Task to carry out:
Only a number is wanted: how many lines in these records contain the word "ezdxf"?

Task inputs:
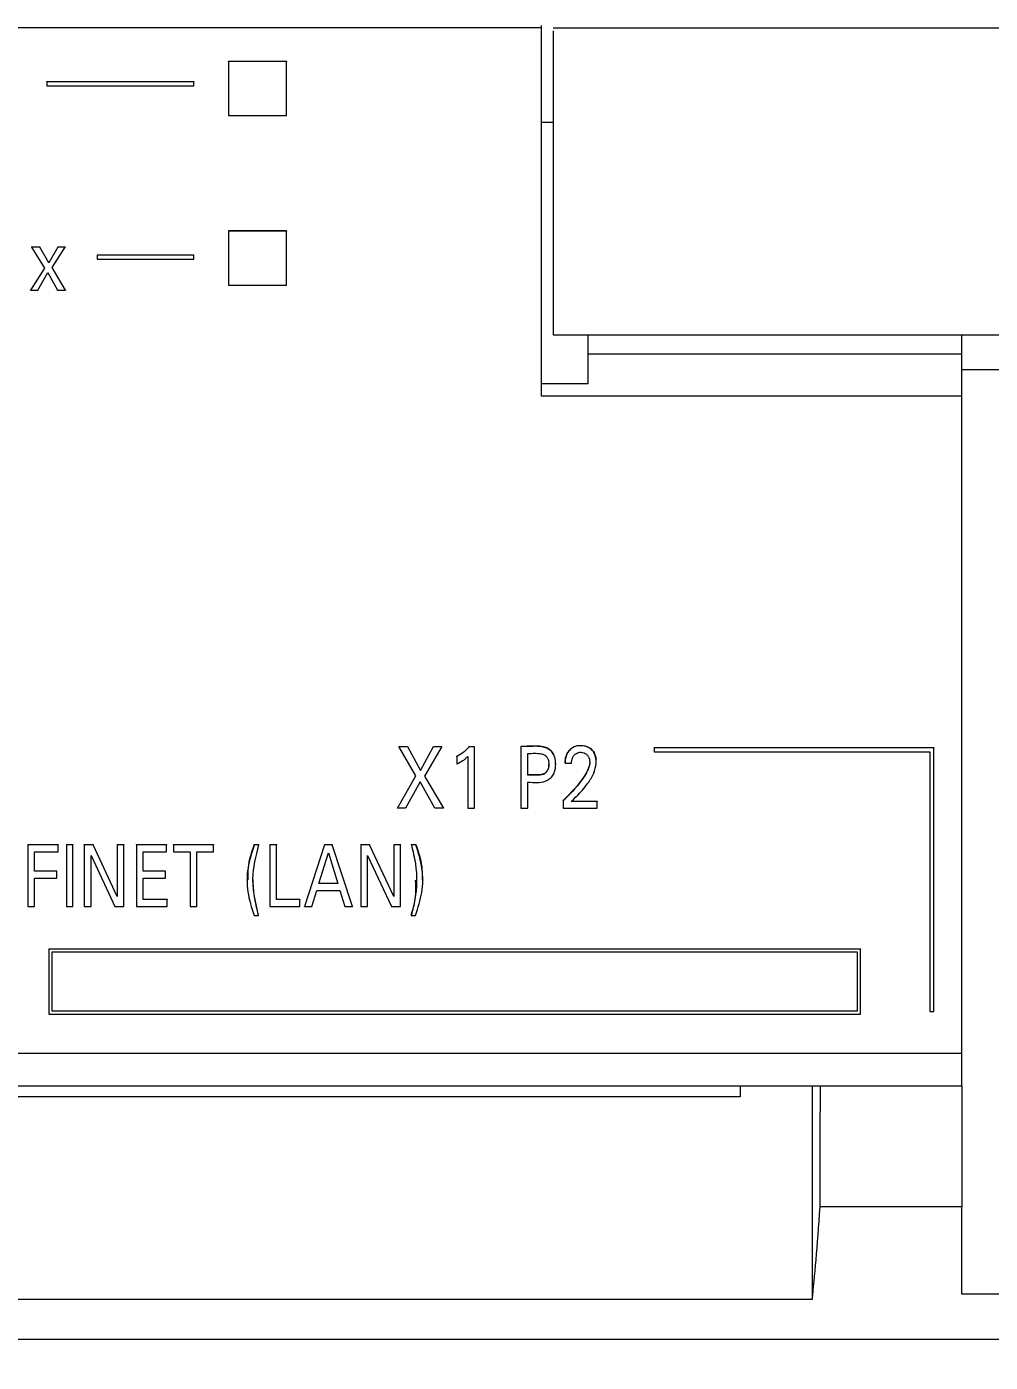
# Model space of a CAD drawing. Header units: millimetres. Extents: x 983 to 2111, y 2638 to 4457.
# Drawn here: x 1974.69 to 1999.65, y 4161.95 to 4196.52 of the extents above; entities that cross this region are included whole.
import ezdxf

# ---------------------------------------------------------------- set-up
doc = ezdxf.new("R2010")
doc.units = ezdxf.units.MM
doc.styles.get("Standard").update_dxf_attribs({"font": ''})
doc.styles.get('Standard').set_extended_font_data('SimSun')
doc.dimstyles.new('ISO-25', dxfattribs={"dimtxt": 2.5, "dimasz": 2.5, "dimexe": 1.25, "dimexo": 0.625, "dimtad": 1, "dimtxsty": 'Standard', "dimcen": 2.5, "dimadec": 0, "dimazin": 0, "dimtfac": 1, "dimtmove": 0, "dimatfit": 3, "dimfxl": 1, "dimarcsym": 0})

# ---------------------------------------------------------------- blocks, each defined once
blk = doc.blocks.new('*D207')
at = {"color": 0, "lineweight": -2, "transparency": 16777216}
for p, q in [((1955.429, 4182.134), (1955.429, 4136.669)), ((2085.429, 4182.134), (2085.429, 4136.669)), ((1957.929, 4137.919), (2082.929, 4137.919))]:
    blk.add_line(p, q, dxfattribs=at)
at = {"color": 0, "lineweight": -3, "transparency": 16777216}
for points in [[(1957.929, 4138.335), (1957.929, 4137.502), (1955.429, 4137.919)], [(2082.929, 4138.335), (2082.929, 4137.502), (2085.429, 4137.919)]]:
    blk.add_solid(points, dxfattribs=at)
at = {"layer": 'Defpoints', "color": 0, "lineweight": -3, "transparency": 16777216}
for p in [(1955.429, 4182.759), (2085.429, 4182.759), (2085.429, 4137.919)]:
    blk.add_point(p, dxfattribs=at)
at = {"color": 0, "lineweight": -3, "transparency": 16777216, "insert": (2020.429, 4139.794), "char_height": 2.5, "attachment_point": 5}
blk.add_mtext('130', dxfattribs=at)
blk = doc.blocks.new('1215DCDCDC')
at = {"color": 7, "linetype": 'Continuous', "lineweight": 15}
for p, q in [((1988.029, 4196.489), (1988.029, 4196.556)), ((1988.029, 4196.489), (1957.629, 4196.489)), ((1988.029, 4186.954), (1988.029, 4196.489)), ((1988.329, 4196.489), (2026.029, 4196.489)), ((1988.329, 4196.415), (1988.329, 4188.545)), ((1979.919, 4195.634), (1981.419, 4195.634)), ((1979.919, 4195.62), (1979.919, 4195.634)), ((1981.419, 4195.62), (1979.919, 4195.62)), ((1979.919, 4195.62), (1979.919, 4194.225)), ((1981.419, 4195.634), (1981.419, 4195.62)), ((1981.419, 4194.225), (1981.419, 4195.62)), ((1975.213, 4195.093), (1975.213, 4195.1)), ((1979.021, 4195.093), (1975.213, 4195.093)), ((1975.213, 4195.093), (1975.213, 4194.993)), ((1975.213, 4194.993), (1979.021, 4194.993)), ((1979.021, 4195.1), (1979.021, 4195.093)), ((1979.021, 4194.993), (1979.021, 4195.093)), ((1979.919, 4194.225), (1981.419, 4194.225)), ((1988.329, 4194.045), (1988.029, 4194.045)), ((1981.419, 4191.242), (1979.919, 4191.242)), ((1979.919, 4191.242), (1979.919, 4191.228)), ((1979.919, 4191.228), (1979.919, 4189.833)), ((1981.419, 4191.228), (1979.919, 4191.228)), ((1981.419, 4191.242), (1981.419, 4191.228)), ((1981.419, 4189.833), (1981.419, 4191.228)), ((1974.818, 4190.825), (1974.818, 4190.818)), ((1975.034, 4190.818), (1974.818, 4190.818)), ((1974.818, 4190.818), (1975.153, 4190.275)), ((1975.034, 4190.825), (1975.034, 4190.818)), ((1975.265, 4190.407), (1975.034, 4190.818)), ((1975.5, 4190.818), (1975.265, 4190.407)), ((1975.354, 4190.285), (1975.689, 4190.818)), ((1975.5, 4190.825), (1975.5, 4190.818)), ((1975.689, 4190.818), (1975.5, 4190.818)), ((1975.689, 4190.825), (1975.689, 4190.818)), ((1975.265, 4190.414), (1975.265, 4190.407)), ((1975.703, 4189.706), (1975.354, 4190.285)), ((1976.517, 4190.604), (1976.517, 4190.611)), ((1979.021, 4190.604), (1976.517, 4190.604)), ((1976.517, 4190.604), (1976.517, 4190.504)), ((1976.517, 4190.504), (1979.021, 4190.504)), ((1979.021, 4190.611), (1979.021, 4190.604)), ((1979.021, 4190.504), (1979.021, 4190.604)), ((1975.153, 4190.275), (1974.794, 4189.706)), ((1974.986, 4189.706), (1975.24, 4190.156)), ((1975.24, 4190.156), (1975.496, 4189.706)), ((1974.794, 4189.706), (1974.794, 4189.713)), ((1974.794, 4189.706), (1974.986, 4189.706)), ((1975.496, 4189.706), (1975.703, 4189.706)), ((1975.703, 4189.713), (1975.703, 4189.706)), ((1979.919, 4189.833), (1981.419, 4189.833)), ((1988.329, 4188.545), (2026.029, 4188.545)), ((1989.229, 4187.275), (1989.229, 4188.545)), ((1998.908, 4188.045), (1998.908, 4188.545)), ((1998.908, 4188.045), (1989.229, 4188.045)), ((1998.908, 4186.954), (1998.908, 4188.045)), ((1998.908, 4187.648), (2021.929, 4187.648)), ((1989.229, 4187.275), (1988.029, 4187.275)), ((1998.908, 4186.954), (1988.029, 4186.954)), ((1998.908, 4169.945), (1998.908, 4186.954)), ((1984.334, 4177.885), (1984.334, 4177.892)), ((1984.775, 4177.125), (1984.334, 4177.885)), ((1984.334, 4177.885), (1984.553, 4177.885)), ((1984.553, 4177.885), (1984.553, 4177.892)), ((1984.553, 4177.885), (1984.893, 4177.265)), ((1984.893, 4177.265), (1985.232, 4177.885)), ((1985.44, 4177.885), (1984.994, 4177.121)), ((1985.232, 4177.885), (1985.232, 4177.892)), ((1985.232, 4177.885), (1985.44, 4177.885)), ((1985.44, 4177.885), (1985.44, 4177.892)), ((1986.141, 4177.876), (1986.141, 4177.883)), ((1986.286, 4177.876), (1986.141, 4177.876)), ((1986.286, 4177.876), (1986.286, 4177.883)), ((1986.286, 4176.289), (1986.286, 4177.876)), ((1987.493, 4177.892), (1987.493, 4177.885)), ((1987.493, 4177.885), (1987.493, 4176.289)), ((1990.939, 4177.863), (1990.939, 4177.856)), ((1998.188, 4177.856), (1990.939, 4177.856)), ((1990.939, 4177.856), (1990.939, 4177.747)), ((1998.188, 4177.863), (1998.188, 4177.856)), ((1998.188, 4171.029), (1998.188, 4177.856)), ((1985.834, 4177.631), (1985.834, 4177.638)), ((1985.834, 4177.631), (1985.834, 4177.432)), ((1986.114, 4177.63), (1986.114, 4176.289)), ((1987.668, 4177.148), (1987.668, 4177.704)), ((1989.44, 4177.493), (1989.44, 4177.5)), ((1990.939, 4177.747), (1998.078, 4177.747)), ((1998.078, 4177.747), (1998.078, 4171.029)), ((1984.893, 4177.265), (1984.893, 4177.272)), ((1988.391, 4177.429), (1988.391, 4177.436)), ((1988.636, 4177.461), (1988.636, 4177.454)), ((1988.636, 4177.454), (1988.802, 4177.454)), ((1984.292, 4176.289), (1984.775, 4177.125)), ((1984.879, 4176.969), (1984.506, 4176.289)), ((1985.261, 4176.289), (1984.879, 4176.969)), ((1984.994, 4177.121), (1985.485, 4176.289)), ((1987.668, 4176.289), (1987.668, 4176.967)), ((1988.584, 4176.48), (1988.584, 4176.487)), ((1988.584, 4176.48), (1988.584, 4176.289)), ((1989.466, 4176.464), (1988.792, 4176.464)), ((1989.466, 4176.47), (1989.466, 4176.464)), ((1989.466, 4176.289), (1989.466, 4176.464)), ((1984.292, 4176.296), (1984.292, 4176.289)), ((1984.506, 4176.289), (1984.292, 4176.289)), ((1985.485, 4176.289), (1985.261, 4176.289)), ((1985.485, 4176.289), (1985.485, 4176.296)), ((1986.114, 4176.289), (1986.286, 4176.289)), ((1987.493, 4176.289), (1987.668, 4176.289)), ((1988.584, 4176.289), (1989.466, 4176.289)), ((1974.723, 4175.348), (1974.723, 4175.342)), ((1975.511, 4175.342), (1974.723, 4175.342)), ((1974.723, 4175.342), (1974.723, 4173.746)), ((1974.898, 4175.161), (1975.511, 4175.161)), ((1974.898, 4174.657), (1974.898, 4175.161)), ((1975.511, 4175.348), (1975.511, 4175.342)), ((1975.511, 4175.161), (1975.511, 4175.342)), ((1975.723, 4175.348), (1975.723, 4175.342)), ((1975.723, 4175.342), (1975.723, 4173.746)), ((1975.888, 4175.342), (1975.723, 4175.342)), ((1975.888, 4175.348), (1975.888, 4175.342)), ((1975.888, 4173.746), (1975.888, 4175.342)), ((1976.186, 4175.342), (1976.186, 4175.348)), ((1976.186, 4175.342), (1976.186, 4173.746)), ((1976.414, 4175.342), (1976.186, 4175.342)), ((1976.36, 4175.069), (1976.978, 4173.746)), ((1976.36, 4173.746), (1976.36, 4175.069)), ((1976.414, 4175.348), (1976.414, 4175.342)), ((1977.039, 4174.004), (1976.414, 4175.342)), ((1977.039, 4175.348), (1977.039, 4175.342)), ((1977.213, 4175.342), (1977.039, 4175.342)), ((1977.039, 4175.342), (1977.039, 4174.004)), ((1977.213, 4175.348), (1977.213, 4175.342)), ((1977.213, 4173.746), (1977.213, 4175.342)), ((1977.536, 4175.342), (1977.536, 4175.348)), ((1978.316, 4175.342), (1977.536, 4175.342)), ((1977.536, 4175.342), (1977.536, 4173.746)), ((1977.711, 4175.161), (1978.316, 4175.161)), ((1977.711, 4174.657), (1977.711, 4175.161)), ((1978.316, 4175.348), (1978.316, 4175.342)), ((1978.316, 4175.161), (1978.316, 4175.342)), ((1978.497, 4175.342), (1978.497, 4175.348)), ((1979.53, 4175.342), (1978.497, 4175.342)), ((1978.497, 4175.342), (1978.497, 4175.161)), ((1978.497, 4175.161), (1978.926, 4175.161)), ((1978.926, 4175.161), (1978.926, 4173.746)), ((1979.101, 4175.161), (1979.53, 4175.161)), ((1979.101, 4173.746), (1979.101, 4175.161)), ((1979.53, 4175.348), (1979.53, 4175.342)), ((1979.53, 4175.161), (1979.53, 4175.342)), ((1980.587, 4175.347), (1980.587, 4175.341)), ((1980.703, 4175.341), (1980.587, 4175.341)), ((1980.703, 4175.341), (1980.703, 4175.347)), ((1980.992, 4175.348), (1980.992, 4175.342)), ((1981.167, 4175.342), (1980.992, 4175.342)), ((1980.992, 4175.342), (1980.992, 4173.746)), ((1981.167, 4175.348), (1981.167, 4175.342)), ((1981.167, 4173.927), (1981.167, 4175.342)), ((1982.409, 4175.342), (1981.884, 4173.746)), ((1982.261, 4174.343), (1982.506, 4175.136)), ((1982.409, 4175.348), (1982.409, 4175.342)), ((1982.601, 4175.342), (1982.409, 4175.342)), ((1982.506, 4175.136), (1982.752, 4174.343)), ((1982.601, 4175.348), (1982.601, 4175.342)), ((1983.127, 4173.746), (1982.601, 4175.342)), ((1983.347, 4175.348), (1983.347, 4175.342)), ((1983.347, 4175.342), (1983.347, 4173.746)), ((1983.575, 4175.342), (1983.347, 4175.342)), ((1983.521, 4175.069), (1984.139, 4173.746)), ((1983.521, 4173.746), (1983.521, 4175.069)), ((1983.575, 4175.348), (1983.575, 4175.342)), ((1984.2, 4174.004), (1983.575, 4175.342)), ((1984.2, 4175.348), (1984.2, 4175.342)), ((1984.2, 4175.342), (1984.2, 4174.004)), ((1984.374, 4175.342), (1984.2, 4175.342)), ((1984.374, 4175.348), (1984.374, 4175.342)), ((1984.374, 4173.746), (1984.374, 4175.342)), ((1984.655, 4175.341), (1984.655, 4175.347)), ((1984.771, 4175.341), (1984.655, 4175.341)), ((1984.771, 4175.347), (1984.771, 4175.341)), ((1975.479, 4174.657), (1974.898, 4174.657)), ((1974.898, 4174.476), (1975.479, 4174.476)), ((1974.898, 4173.746), (1974.898, 4174.476)), ((1975.479, 4174.664), (1975.479, 4174.657)), ((1975.479, 4174.476), (1975.479, 4174.657)), ((1978.292, 4174.657), (1977.711, 4174.657)), ((1977.711, 4174.476), (1978.292, 4174.476)), ((1977.711, 4173.927), (1977.711, 4174.476)), ((1978.292, 4174.664), (1978.292, 4174.657)), ((1978.292, 4174.476), (1978.292, 4174.657)), ((1980.392, 4174.433), (1980.392, 4174.427)), ((1984.96, 4174.431), (1984.96, 4174.438)), ((1982.078, 4173.746), (1982.205, 4174.162)), ((1982.205, 4174.162), (1982.807, 4174.162)), ((1982.752, 4174.343), (1982.261, 4174.343)), ((1982.807, 4174.162), (1982.936, 4173.746)), ((1974.723, 4173.746), (1974.898, 4173.746)), ((1975.723, 4173.746), (1975.888, 4173.746)), ((1976.186, 4173.746), (1976.36, 4173.746)), ((1976.978, 4173.746), (1977.213, 4173.746)), ((1977.536, 4173.746), (1978.332, 4173.746)), ((1978.332, 4173.927), (1977.711, 4173.927)), ((1978.332, 4173.933), (1978.332, 4173.927)), ((1978.332, 4173.746), (1978.332, 4173.927)), ((1978.926, 4173.746), (1979.101, 4173.746)), ((1980.992, 4173.746), (1981.771, 4173.746)), ((1981.771, 4173.927), (1981.167, 4173.927)), ((1981.771, 4173.933), (1981.771, 4173.927)), ((1981.771, 4173.746), (1981.771, 4173.927)), ((1981.884, 4173.746), (1981.884, 4173.752)), ((1981.884, 4173.746), (1982.078, 4173.746)), ((1982.936, 4173.746), (1983.127, 4173.746)), ((1983.127, 4173.752), (1983.127, 4173.746)), ((1983.347, 4173.746), (1983.521, 4173.746)), ((1984.139, 4173.746), (1984.374, 4173.746)), ((1980.581, 4173.517), (1980.697, 4173.517)), ((1980.697, 4173.517), (1980.697, 4173.524)), ((1984.65, 4173.524), (1984.65, 4173.517)), ((1984.65, 4173.517), (1984.766, 4173.517)), ((1975.278, 4172.657), (1975.278, 4172.65)), ((1975.278, 4172.65), (1996.279, 4172.65)), ((1975.278, 4170.952), (1975.278, 4172.65)), ((1996.279, 4172.657), (1996.279, 4172.65)), ((1996.279, 4172.65), (1996.279, 4170.952)), ((1975.358, 4171.032), (1975.358, 4172.57)), ((1975.358, 4172.57), (1996.199, 4172.57)), ((1996.199, 4172.57), (1996.199, 4171.032)), ((1996.279, 4170.952), (1975.278, 4170.952)), ((1996.199, 4171.032), (1975.358, 4171.032)), ((1998.078, 4171.029), (1998.188, 4171.029)), ((1957.629, 4169.945), (1998.908, 4169.945)), ((1998.908, 4169.099), (1998.908, 4169.945)), ((1959.579, 4169.099), (1995.246, 4169.099)), ((1993.165, 4169.099), (1993.165, 4168.821)), ((1995.034, 4169.099), (1995.034, 4163.572)), ((1995.246, 4169.099), (1998.908, 4169.099)), ((1998.908, 4169.099), (1998.908, 4165.973)), ((1993.165, 4168.821), (1960.907, 4168.821)), ((1998.908, 4165.973), (1995.237, 4165.973)), ((1998.908, 4163.707), (1998.908, 4165.973)), ((2021.929, 4163.707), (1998.908, 4163.707)), ((1995.034, 4163.572), (1959.579, 4163.572)), ((1955.429, 4162.545), (2025.229, 4162.545))]:
    blk.add_line(p, q, dxfattribs=at)
for centre, major_axis, start_param, end_param in [((1991.8, 4199.545), (0, 199.8), 4.543561, 4.559415), ((1994.784, 4262.545), (0, 100), 3.285085, 3.404194)]:
    blk.add_ellipse(centre, major_axis=major_axis, ratio=0.017455, start_param=start_param, end_param=end_param, dxfattribs=at)
for points, knots in [([(1986.141, 4177.876), (1986.119, 4177.851), (1986.075, 4177.802), (1985.977, 4177.713), (1985.891, 4177.663), (1985.834, 4177.631)], [0, 0, 0, 0, 0.251396, 0.502833, 1, 1, 1, 1]), ([(1988.385, 4177.437), (1988.387, 4177.455), (1988.395, 4177.527), (1988.366, 4177.642), (1988.296, 4177.763), (1988.195, 4177.844), (1987.98, 4177.917), (1987.74, 4177.889), (1987.547, 4177.892), (1987.493, 4177.892)], [0, 0, 0, 0, 0.046641, 0.184638, 0.292575, 0.400776, 0.505874, 0.862738, 1, 1, 1, 1]), ([(1987.668, 4176.967), (1987.829, 4176.953), (1988.032, 4176.935), (1988.248, 4177.051), (1988.331, 4177.15), (1988.389, 4177.297), (1988.398, 4177.467), (1988.368, 4177.635), (1988.295, 4177.756), (1988.195, 4177.837), (1987.98, 4177.91), (1987.74, 4177.882), (1987.547, 4177.885), (1987.493, 4177.885)], [0, 0, 0, 0, 0.2132559, 0.2712776, 0.3294061, 0.3867117, 0.4858881, 0.5603051, 0.6185115, 0.67686, 0.7335356, 0.9259797, 1, 1, 1, 1]), ([(1988.636, 4177.461), (1988.64, 4177.522), (1988.646, 4177.629), (1988.714, 4177.767), (1988.811, 4177.861), (1988.943, 4177.916), (1989.085, 4177.921), (1989.226, 4177.887), (1989.335, 4177.81), (1989.41, 4177.696), (1989.443, 4177.587), (1989.435, 4177.519), (1989.433, 4177.5)], [0, 0, 0, 0, 0.136428, 0.237901, 0.339717, 0.433935, 0.553084, 0.653548, 0.754629, 0.845192, 0.958256, 1, 1, 1, 1]), ([(1988.792, 4176.464), (1988.946, 4176.612), (1989.175, 4176.833), (1989.381, 4177.18), (1989.447, 4177.419), (1989.436, 4177.605), (1989.384, 4177.74), (1989.296, 4177.837), (1989.173, 4177.899), (1989.029, 4177.916), (1988.885, 4177.893), (1988.772, 4177.822), (1988.693, 4177.725), (1988.644, 4177.599), (1988.639, 4177.505), (1988.636, 4177.454)], [0, 0, 0, 0, 0.248099, 0.367223, 0.46645, 0.531141, 0.581618, 0.632334, 0.6798, 0.738135, 0.798606, 0.8449, 0.891079, 0.941289, 1, 1, 1, 1]), ([(1986.114, 4177.63), (1986.094, 4177.609), (1986.053, 4177.568), (1985.962, 4177.498), (1985.885, 4177.458), (1985.834, 4177.432)], [0, 0, 0, 0, 0.250706, 0.501675, 1, 1, 1, 1]), ([(1987.668, 4177.704), (1987.786, 4177.713), (1987.929, 4177.723), (1988.094, 4177.68), (1988.154, 4177.631), (1988.196, 4177.566), (1988.221, 4177.465), (1988.218, 4177.355), (1988.178, 4177.253), (1988.123, 4177.192), (1988.042, 4177.152), (1987.934, 4177.145), (1987.807, 4177.149), (1987.714, 4177.148), (1987.668, 4177.148)], [0, 0, 0, 0, 0.243462, 0.296845, 0.350655, 0.400199, 0.455559, 0.565774, 0.623548, 0.681763, 0.732555, 0.807923, 0.903966, 1, 1, 1, 1]), ([(1988.802, 4177.454), (1988.805, 4177.501), (1988.811, 4177.574), (1988.862, 4177.662), (1988.922, 4177.714), (1989.002, 4177.74), (1989.084, 4177.738), (1989.161, 4177.712), (1989.218, 4177.665), (1989.26, 4177.594), (1989.278, 4177.503), (1989.265, 4177.365), (1989.104, 4177.022), (1988.843, 4176.731), (1988.616, 4176.512), (1988.584, 4176.48)], [0, 0, 0, 0, 0.067411, 0.106807, 0.146382, 0.181676, 0.227913, 0.263637, 0.299472, 0.334315, 0.383257, 0.433457, 0.535618, 0.932792, 1, 1, 1, 1]), ([(1989.272, 4177.491), (1989.27, 4177.463), (1989.266, 4177.366), (1989.098, 4177.03), (1988.844, 4176.738), (1988.616, 4176.519), (1988.584, 4176.487)], [0, 0, 0, 0, 0.066505, 0.234836, 0.889262, 1, 1, 1, 1]), ([(1988.209, 4177.433), (1988.211, 4177.401), (1988.213, 4177.342), (1988.178, 4177.26), (1988.124, 4177.199), (1988.042, 4177.159), (1987.934, 4177.152), (1987.807, 4177.156), (1987.714, 4177.155), (1987.668, 4177.155)], [0, 0, 0, 0, 0.1302042, 0.245931, 0.3625409, 0.4642827, 0.6152524, 0.8076346, 1, 1, 1, 1]), ([(1980.587, 4175.341), (1980.523, 4175.145), (1980.395, 4174.751), (1980.389, 4174.116), (1980.517, 4173.717), (1980.581, 4173.517)], [0, 0, 0, 0, 0.3297354, 0.6634988, 1, 1, 1, 1]), ([(1980.587, 4175.348), (1980.516, 4175.152), (1980.409, 4174.854), (1980.42, 4174.541), (1980.424, 4174.433)], [0, 0, 0, 0, 0.657541, 1, 1, 1, 1]), ([(1980.697, 4173.517), (1980.659, 4173.679), (1980.584, 4173.988), (1980.522, 4174.607), (1980.631, 4175.048), (1980.703, 4175.341)], [0, 0, 0, 0, 0.269735, 0.516347, 1, 1, 1, 1]), ([(1984.655, 4175.341), (1984.695, 4175.178), (1984.807, 4174.717), (1984.801, 4174.087), (1984.686, 4173.654), (1984.65, 4173.517)], [0, 0, 0, 0, 0.271818, 0.77003, 1, 1, 1, 1]), ([(1984.766, 4173.517), (1984.829, 4173.713), (1984.956, 4174.106), (1984.963, 4174.741), (1984.835, 4175.14), (1984.771, 4175.341)], [0, 0, 0, 0, 0.329354, 0.662603, 1, 1, 1, 1]), ([(1984.771, 4175.348), (1984.836, 4175.161), (1984.939, 4174.864), (1984.933, 4174.553), (1984.931, 4174.438)], [0, 0, 0, 0, 0.631032, 1, 1, 1, 1]), ([(1980.697, 4173.524), (1980.657, 4173.686), (1980.581, 4173.987), (1980.564, 4174.298), (1980.556, 4174.441)], [0, 0, 0, 0, 0.536158, 1, 1, 1, 1]), ([(1984.65, 4173.524), (1984.704, 4173.709), (1984.791, 4174.006), (1984.771, 4174.313), (1984.764, 4174.429)], [0, 0, 0, 0, 0.621091, 1, 1, 1, 1])]:
    blk.add_open_spline(points, degree=3, knots=knots, dxfattribs=at)

msp = doc.modelspace()

# ---------------------------------------------------------------- block references
at = {"lineweight": -3}
msp.add_blockref('1215DCDCDC', (0, 0), dxfattribs=at)

# ---------------------------------------------------------------- dimensions: what is measured, and where the dimension line sits
dim = msp.add_linear_dim(base=(2085.429, 4137.919), p1=(1955.429, 4182.759), p2=(2085.429, 4182.759), dimstyle='ISO-25', dxfattribs=at)
dim.commit()
dim.dimension.update_dxf_attribs({"geometry": '*D207', "text_midpoint": (2020.429, 4139.794)})

doc.saveas('drawing.dxf')

Output for this exercise:
3